And here is my code:
import time
from tqdm.notebook import tqdm
import os
import tensorflow as tf
from tensorflow import keras
from tensorflow.keras import Model
from tensorflow.keras.layers import Dense, Input
import numpy as np
import matplotlib.pyplot as plt
def define_generator(latent_dim):
# This function creates the generator model using the functional API.
# Layers...
# Input Layer
inputs = Input(shape=latent_dim, name='INPUT_LAYER')
# 1st hidden layer
x = Dense(50, activation='relu', name='HIDDEN_LAYER_1')(inputs)
# 2nd hidden layer
x = Dense(150, activation='relu', name='HIDDEN_LAYER_2')(x)
# 3rd hidden layer
x = Dense(300, activation='relu', name='HIDDEN_LAYER_3')(x)
# 4th hidden layer
x = Dense(150, activation='relu', name='HIDDEN_LAYER_4')(x)
# 5th hidden layer
x = Dense(50, activation='relu', name='HIDDEN_LAYER_5')(x)
# Output layer
outputs = Dense(2, activation='linear', name='OUPUT_LAYER')(x)
# Instantiating the generator model
model = Model(inputs=inputs, outputs=outputs, name='GENERATOR')
return model
def generator_loss(fake_logits):
# This function calculates and returns the WGAN-GP generator loss.
# Expected value of critic ouput from fake images
expectation_fake = tf.reduce_mean(fake_logits)
# Loss to minimize
loss = -expectation_fake
return loss
def define_critic():
# This function creates the critic model using the functional API.
# Layers...
# Input Layer
inputs = Input(shape=2, name='INPUT_LAYER')
# 1st hidden layer
x = Dense(50, activation='relu', name='HIDDEN_LAYER_1')(inputs)
# 2nd hidden layer
x = Dense(150, activation='relu', name='HIDDEN_LAYER_2')(x)
# 3rd hidden layer
x = Dense(300, activation='relu', name='HIDDEN_LAYER_3')(x)
# 4th hidden layer
x = Dense(150, activation='relu', name='HIDDEN_LAYER_4')(x)
# 5th hidden layer
x = Dense(50, activation='relu', name='HIDDEN_LAYER_5')(x)
# Output layer
outputs = Dense(1, activation='linear', name='OUPUT_LAYER')(x)

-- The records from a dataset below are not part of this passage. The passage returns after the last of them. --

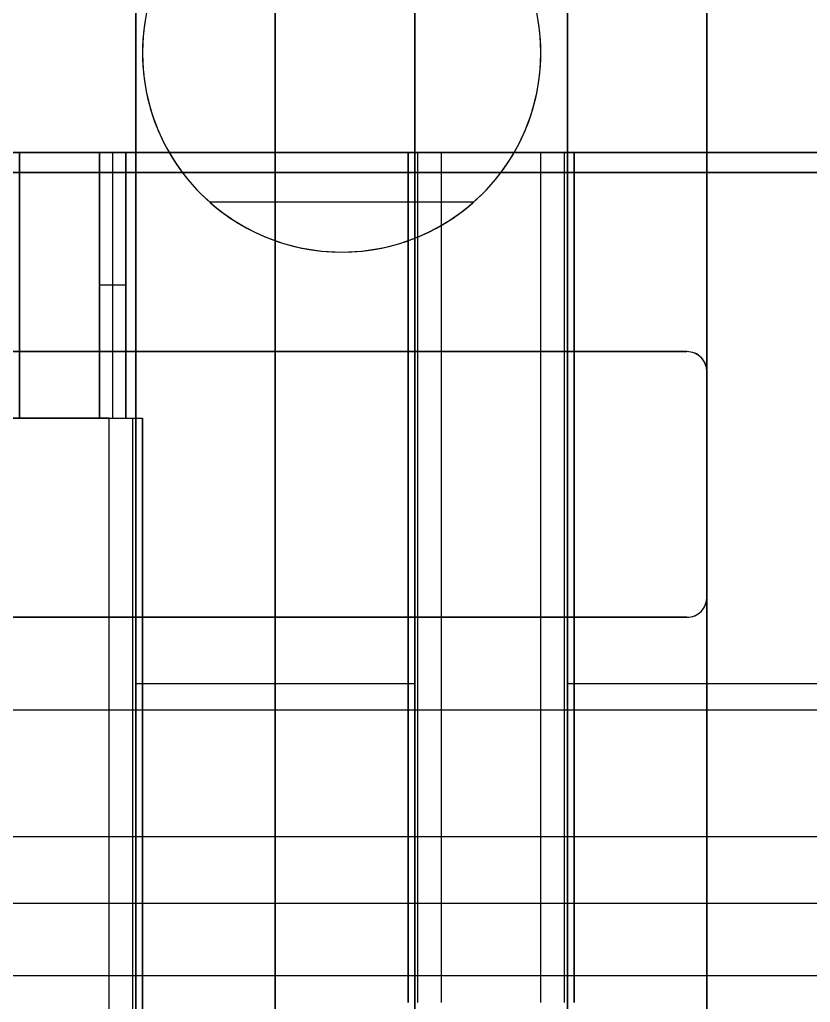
# Model space of a CAD drawing. Header units: inches. Extents: x 0 to 2.1, y -0.07 to 2.7.
# Drawn here: x 1.5128 to 1.5597, y 0.063 to 0.1212 of the extents above; entities that cross this region are included whole.
import ezdxf

# ---------------------------------------------------------------- set-up
doc = ezdxf.new("R2010")
doc.units = ezdxf.units.IN
doc.header["$LTSCALE"] = 0.0393700787401575
doc.header["$MEASUREMENT"] = 0
doc.layers.add('freetronics11$components', color=254, linetype='Continuous', true_color=0xe6e6e6)

msp = doc.modelspace()

# ---------------------------------------------------------------- linework, layer by layer
at = {"layer": 'freetronics11$components', "color": 254, "true_color": 0xe6e6e6}
for p, q in [((1.527952755905511, 0.0267297539506385, -0.1236946974171316), (1.527952755905511, 0.1369659744230794, -0.1236946974171316)), ((1.527952755905511, 0.1369659744230794, -0.1189702879683127), (1.527952755905511, 0.0267297539506385, -0.1189702879683127)), ((1.553543307086614, 0.1369659744230794, -0.1189702879683127), (1.553543307086614, 0.0267297539506385, -0.1189702879683127)), ((1.553543307086614, 0.0267297539506385, -0.1236946974171316), (1.553543307086614, 0.1369659744230794, -0.1236946974171316)), ((1.519685039370078, 0.0267297539506384, -0.1236946974171316), (1.519685039370078, 0.1290919586750479, -0.1236946974171316)), ((1.519685039370078, 0.1290919586750479, -0.1189702879683127), (1.519685039370078, 0.0267297539506384, -0.1189702879683127)), ((1.519685039370078, 0.1290919586750479, -0.1189702879683127), (1.519685039370078, 0.0267297539506384, -0.1189702879683127)), ((1.519685039370078, 0.0267297539506384, -0.1236946974171316), (1.519685039370078, 0.1290919586750479, -0.1236946974171316)), ((1.536220472440944, 0.1290919586750479, -0.1236946974171316), (1.536220472440944, 0.0267297539506384, -0.1236946974171316)), ((1.536220472440944, 0.0267297539506384, -0.1189702879683127), (1.536220472440944, 0.1290919586750479, -0.1189702879683127)), ((1.536220472440944, 0.1290919586750479, -0.1236946974171316), (1.536220472440944, 0.0267297539506384, -0.1236946974171316)), ((1.536220472440944, 0.0267297539506384, -0.1189702879683127), (1.536220472440944, 0.1290919586750479, -0.1189702879683127)), ((1.545275590551181, 0.1290919586750479, -0.1189702879683127), (1.545275590551181, 0.0267297539506384, -0.1189702879683127)), ((1.545275590551181, 0.0267297539506384, -0.1236946974171316), (1.545275590551181, 0.1290919586750479, -0.1236946974171316)), ((1.545275590551181, 0.1290919586750479, -0.1189702879683127), (1.545275590551181, 0.0267297539506384, -0.1189702879683127)), ((1.545275590551181, 0.0267297539506384, -0.1236946974171316), (1.545275590551181, 0.1290919586750479, -0.1236946974171316)), ((1.52007874015748, 0.1192494389900085, -0.134718319464376), (1.52007874015748, 0.1192494389900085, -0.1386553273383911)), ((1.543700787401574, 0.1192494389900085, -0.134718319464376), (1.543700787401574, 0.1192494389900085, -0.1386553273383911)), ((1.367519685039369, 0.1133439271789849, -0.1091277682832734), (1.637204724409448, 0.1133439271789849, -0.1091277682832734)), ((1.567322834645669, 0.1133439271789849, -0.0666080832439033), (1.437401574803149, 0.1133439271789849, -0.0666080832439033)), ((1.442322834645669, 0.1133439271789849, -0.1516474533226435), (1.562401574803149, 0.1133439271789849, -0.1516474533226435)), ((1.442322834645669, 0.1133439271789849, -0.1516474533226435), (1.562401574803149, 0.1133439271789849, -0.1516474533226435)), ((1.521661117278137, 0.1133439271789849, -0.1347183194643758), (1.483063292170681, 0.1133439271789849, -0.1347183194643758)), ((1.483063292170681, 0.1133439271789849, -0.1347183194643758), (1.521661117278137, 0.1133439271789849, -0.1347183194643758)), ((1.511220472440944, 0.1133439271789849, -0.1233009966297301), (1.512795275590551, 0.1133439271789849, -0.1248757997793363)), ((1.512795275590551, 0.1133439271789849, -0.1248757997793363), (1.511220472440944, 0.1133439271789849, -0.1233009966297301)), ((1.512795275590551, 0.1133439271789849, -0.1248757997793363), (1.51751968503937, 0.1133439271789849, -0.1248757997793363)), ((1.51751968503937, 0.1133439271789849, -0.1248757997793363), (1.512795275590551, 0.1133439271789849, -0.1248757997793363)), ((1.512795275590551, 0.1133439271789849, -0.1248757997793363), (1.512795275590551, 0.0975958956829219, -0.1248757997793363)), ((1.512795275590551, 0.0975958956829219, -0.1248757997793363), (1.512795275590551, 0.1133439271789849, -0.1248757997793363)), ((1.51751968503937, 0.1133439271789849, -0.1248757997793363), (1.519094488188976, 0.1133439271789849, -0.1233009966297301)), ((1.51751968503937, 0.0975958956829219, -0.1248757997793363), (1.51751968503937, 0.1133439271789849, -0.1248757997793363)), ((1.51751968503937, 0.1133439271789849, -0.1248757997793363), (1.51751968503937, 0.0975958956829219, -0.1248757997793363)), ((1.519094488188976, 0.1133439271789849, -0.1233009966297301), (1.51751968503937, 0.1133439271789849, -0.1248757997793363)), ((1.518307086614173, 0.113343927178984, -0.1240883982045332), (1.518307086614173, 0.0975958956829219, -0.1240883982045332)), ((1.519094488188976, 0.1133439271789849, -0.1233009966297301), (1.519685039370078, 0.1133439271789849, -0.1233009966297301)), ((1.519685039370078, 0.1133439271789849, -0.1233009966297301), (1.519094488188976, 0.1133439271789849, -0.1233009966297301)), ((1.519094488188976, 0.1133439271789849, -0.1233009966297301), (1.519094488188976, 0.0975958956829219, -0.1233009966297301)), ((1.519094488188976, 0.0975958956829219, -0.1233009966297301), (1.519094488188976, 0.1133439271789849, -0.1233009966297301)), ((1.519685039370078, 0.1133439271789849, -0.1233009966297301), (1.519685039370078, 0.1133439271789849, -0.1217261934801238)), ((1.519685039370078, 0.1133439271789849, -0.1217261934801238), (1.535826771653543, 0.1133439271789849, -0.1217261934801238)), ((1.519685039370078, 0.0975958956829219, -0.1233009966297301), (1.519685039370078, 0.1133439271789849, -0.1233009966297301)), ((1.535826771653543, 0.1133439271789849, -0.1217261934801238), (1.519685039370078, 0.1133439271789849, -0.1217261934801238)), ((1.519685039370078, 0.1133439271789849, -0.1217261934801238), (1.519685039370078, 0.0975958956829219, -0.1217261934801238)), ((1.519685039370078, 0.1133439271789849, -0.1217261934801238), (1.519685039370078, 0.0975958956829219, -0.1217261934801238)), ((1.519685039370078, 0.0975958956829219, -0.1233009966297301), (1.519685039370078, 0.1133439271789849, -0.1233009966297301)), ((1.519685039370078, 0.1133439271789849, -0.1233009966297301), (1.519685039370078, 0.1133439271789849, -0.1217261934801238)), ((1.519685039370078, 0.097595895682921, -0.1225135950549269), (1.519685039370078, 0.113343927178984, -0.1225135950549269)), ((1.542118410280905, 0.1133439271789849, -0.1386553273383915), (1.521661117278137, 0.1133439271789849, -0.1386553273383915)), ((1.521661117278137, 0.1133439271789849, -0.1386553273383915), (1.521661117278137, 0.1133439271789849, -0.1347183194643758)), ((1.521661117278137, 0.1133439271789849, -0.1386553273383915), (1.542118410280905, 0.1133439271789849, -0.1386553273383915)), ((1.521661117278137, 0.1133439271789849, -0.1386553273383915), (1.521661117278137, 0.1133439271789849, -0.1347183194643758)), ((1.527952755905511, 0.0078321161553628, -0.1217261934801238), (1.527952755905511, 0.1133439271789849, -0.1217261934801238)), ((1.535826771653543, 0.1133439271789849, -0.1217261934801238), (1.535826771653543, 0.1133439271789849, -0.117789185606108)), ((1.535826771653543, 0.1133439271789849, -0.1217261934801238), (1.535826771653543, 0.0629502263915834, -0.1217261934801238)), ((1.535826771653543, 0.0629502263915834, -0.117789185606108), (1.535826771653543, 0.1133439271789849, -0.117789185606108)), ((1.535826771653543, 0.1133439271789849, -0.117789185606108), (1.535826771653543, 0.1133439271789849, -0.1217261934801238)), ((1.535826771653543, 0.1133439271789849, -0.119757689543116), (1.535826771653543, 0.0629502263915833, -0.1197576895431159)), ((1.535826771653543, 0.0629502263915834, -0.1217261934801238), (1.535826771653543, 0.1133439271789849, -0.1217261934801238)), ((1.535826771653543, 0.0629502263915834, -0.117789185606108), (1.535826771653543, 0.1133439271789849, -0.117789185606108)), ((1.5364033331079, 0.0629502263915858, -0.1163972431234577), (1.5364033331079, 0.1133439271789817, -0.1163972431234577)), ((1.537795275590551, 0.1133439271789849, -0.1158206816691001), (1.543700787401574, 0.1133439271789849, -0.1158206816691001)), ((1.543700787401574, 0.1133439271789849, -0.1158206816691001), (1.537795275590551, 0.1133439271789849, -0.1158206816691001)), ((1.537795275590551, 0.1133439271789849, -0.1158206816691001), (1.537795275590551, 0.0629502263915834, -0.1158206816691001)), ((1.537795275590551, 0.1133439271789849, -0.1158206816691001), (1.537795275590551, 0.0629502263915834, -0.1158206816691001)), ((1.562992125984251, 0.1133439271789849, -0.1347183194643758), (1.542118410280905, 0.1133439271789849, -0.1347183194643758)), ((1.542118410280905, 0.1133439271789849, -0.1347183194643758), (1.542118410280905, 0.1133439271789849, -0.1386553273383915)), ((1.542118410280905, 0.1133439271789849, -0.1347183194643758), (1.562992125984251, 0.1133439271789849, -0.1347183194643758)), ((1.542118410280905, 0.1133439271789849, -0.1347183194643758), (1.542118410280905, 0.1133439271789849, -0.1386553273383915)), ((1.543700787401574, 0.0629502263915834, -0.1158206816691001), (1.543700787401574, 0.1133439271789849, -0.1158206816691001)), ((1.543700787401574, 0.0629502263915834, -0.1158206816691001), (1.543700787401574, 0.1133439271789849, -0.1158206816691001)), ((1.545092729884225, 0.0629502263915858, -0.116397243123457), (1.545092729884225, 0.1133439271789817, -0.116397243123457)), ((1.545669291338582, 0.1133439271789849, -0.117789185606108), (1.545669291338582, 0.1133439271789849, -0.1217261934801238)), ((1.545669291338582, 0.1133439271789849, -0.1217261934801238), (1.561417322834645, 0.1133439271789849, -0.1217261934801238)), ((1.561417322834645, 0.1133439271789849, -0.1217261934801238), (1.545669291338582, 0.1133439271789849, -0.1217261934801238)), ((1.545669291338582, 0.1133439271789849, -0.1217261934801238), (1.545669291338582, 0.0629502263915834, -0.1217261934801238)), ((1.545669291338582, 0.0629502263915834, -0.1217261934801238), (1.545669291338582, 0.1133439271789849, -0.1217261934801238)), ((1.545669291338582, 0.1133439271789849, -0.1217261934801238), (1.545669291338582, 0.1133439271789849, -0.117789185606108)), ((1.545669291338582, 0.1133439271789849, -0.117789185606108), (1.545669291338582, 0.0629502263915834, -0.117789185606108)), ((1.545669291338582, 0.1133439271789849, -0.119757689543116), (1.545669291338582, 0.0629502263915833, -0.1197576895431159)), ((1.545669291338582, 0.1133439271789849, -0.117789185606108), (1.545669291338582, 0.0629502263915834, -0.117789185606108)), ((1.553543307086614, 0.0078321161553628, -0.1217261934801238), (1.553543307086614, 0.1133439271789849, -0.1217261934801238)), ((1.581577534317913, 0.1121628248167801, -0.0788128076533521), (1.502362204724409, 0.1121628248167801, -0.0788128076533521)), ((1.502362204724409, 0.1121628248167801, -0.0670017840313049), (1.581577534317913, 0.1121628248167801, -0.0670017840313049)), ((1.581577534317913, 0.1121628248167801, -0.0788128076533521), (1.502362204724409, 0.1121628248167801, -0.0788128076533521)), ((1.50236220472442, 0.1121628248167801, -0.0729072958423285), (1.581577534317913, 0.1121628248167801, -0.0729072958423285)), ((1.523804561740998, 0.1106395733118036, -0.134718319464376), (1.523804561740998, 0.1106395733118036, -0.1386553273383911)), ((1.539701298781398, 0.1103911712734726, -0.1386553273383915), (1.524078228777657, 0.1103911712734726, -0.1386553273383915)), ((1.539974965818057, 0.1106395733118053, -0.134718319464376), (1.539974965818057, 0.1106395733118053, -0.1386553273383911)), ((1.531889763779527, 0.1074384153679613, -0.1347183194643754), (1.531889763779527, 0.1074384153679613, -0.1386553273383918)), ((1.531889763779527, 0.1074384153679612, -0.1347183194643758), (1.531889763779527, 0.1074384153679612, -0.1386553273383915)), ((1.531889763779527, 0.1074384153679612, -0.1386553273383915), (1.531889763779527, 0.1074384153679612, -0.1347183194643758)), ((1.519094488188975, 0.105469911430953, -0.1233009966297313), (1.517519685039371, 0.105469911430953, -0.1248757997793351)), ((1.519685039370078, 0.105469911430953, -0.1233009966297301), (1.519685039370078, 0.105469911430953, -0.1217261934801238)), ((1.552362204724409, 0.1015329035569376, -0.1347183194643758), (1.452362204724409, 0.1015329035569376, -0.1347183194643758)), ((1.452362204724409, 0.1015329035569376, -0.1386553273383915), (1.552362204724409, 0.1015329035569376, -0.1386553273383915)), ((1.452362204724409, 0.1015329035569376, -0.1347183194643758), (1.552362204724409, 0.1015329035569376, -0.1347183194643758)), ((1.552362204724409, 0.1015329035569376, -0.1386553273383915), (1.452362204724409, 0.1015329035569376, -0.1386553273383915)), ((1.452362204724409, 0.1015329035569376, -0.1366868234013836), (1.552362204724409, 0.1015329035569376, -0.1366868234013836)), ((1.452362204724409, 0.1015329035569376, -0.1347183194643758), (1.552362204724409, 0.1015329035569376, -0.1347183194643758)), ((1.452362204724409, 0.1015329035569376, -0.1386553273383915), (1.552362204724409, 0.1015329035569376, -0.1386553273383915)), ((1.452362204724409, 0.1015329035569376, -0.1347183194643758), (1.552362204724409, 0.1015329035569376, -0.1347183194643758)), ((1.552362204724409, 0.1015329035569376, -0.1386553273383915), (1.452362204724409, 0.1015329035569376, -0.1386553273383915)), ((1.452362204724409, 0.1015329035569376, -0.1366868234013836), (1.552362204724409, 0.1015329035569376, -0.1366868234013836)), ((1.552362204724409, 0.1015329035569376, -0.1347183194643758), (1.552362204724409, 0.1015329035569376, -0.1386553273383915)), ((1.552362204724409, 0.1015329035569376, -0.1347183194643758), (1.552362204724409, 0.1015329035569376, -0.1386553273383915)), ((1.552362204724409, 0.1015329035569376, -0.1347183194643758), (1.552362204724409, 0.1015329035569376, -0.1386553273383915)), ((1.552362204724409, 0.1015329035569376, -0.1347183194643758), (1.552362204724409, 0.1015329035569376, -0.1386553273383915)), ((1.553197370213999, 0.1011869666843235, -0.134718319464375), (1.553197370213999, 0.1011869666843235, -0.1386553273383922)), ((1.553197370213999, 0.1011869666843235, -0.1386553273383912), (1.553197370213999, 0.1011869666843235, -0.1347183194643761)), ((1.553543307086614, 0.0869659744230793, -0.1347183194643758), (1.553543307086614, 0.1003518011947329, -0.1347183194643758)), ((1.553543307086614, 0.1003518011947329, -0.1386553273383915), (1.553543307086614, 0.0869659744230793, -0.1386553273383915)), ((1.553543307086614, 0.1003518011947329, -0.1347183194643758), (1.553543307086614, 0.1003518011947329, -0.1386553273383915)), ((1.553543307086614, 0.1003518011947329, -0.1386553273383915), (1.553543307086614, 0.0869659744230793, -0.1386553273383915)), ((1.553543307086614, 0.0869659744230793, -0.1347183194643758), (1.553543307086614, 0.1003518011947329, -0.1347183194643758)), ((1.553543307086614, 0.0869659744230786, -0.1366868234013836), (1.553543307086614, 0.1003518011947329, -0.1366868234013836)), ((1.553543307086614, 0.1003518011947329, -0.1386553273383915), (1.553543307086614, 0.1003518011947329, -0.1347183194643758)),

# Instantiating the critic model
model = Model(inputs=inputs, outputs=outputs, name='CRITIC')
return model
def critic_loss(real_logits, fake_logits):
# This function calculates and returns the WGAN-GP critic loss.
# Expected value of critic output from real images
expectation_real = tf.reduce_mean(real_logits)
# Expected value of critic output from fake images
expectation_fake = tf.reduce_mean(fake_logits)
# Loss to minimize
loss = expectation_fake - expectation_real
return loss
class define_wgan(keras.Model):
# This class creates the WGAN-GP object.
# Attributes:
# critic = the critic model.
# generator = the generator model.
# latent_dim = defines generator input dimension.
# critic_steps = defines how many times the discriminator gets trained for each training cycle.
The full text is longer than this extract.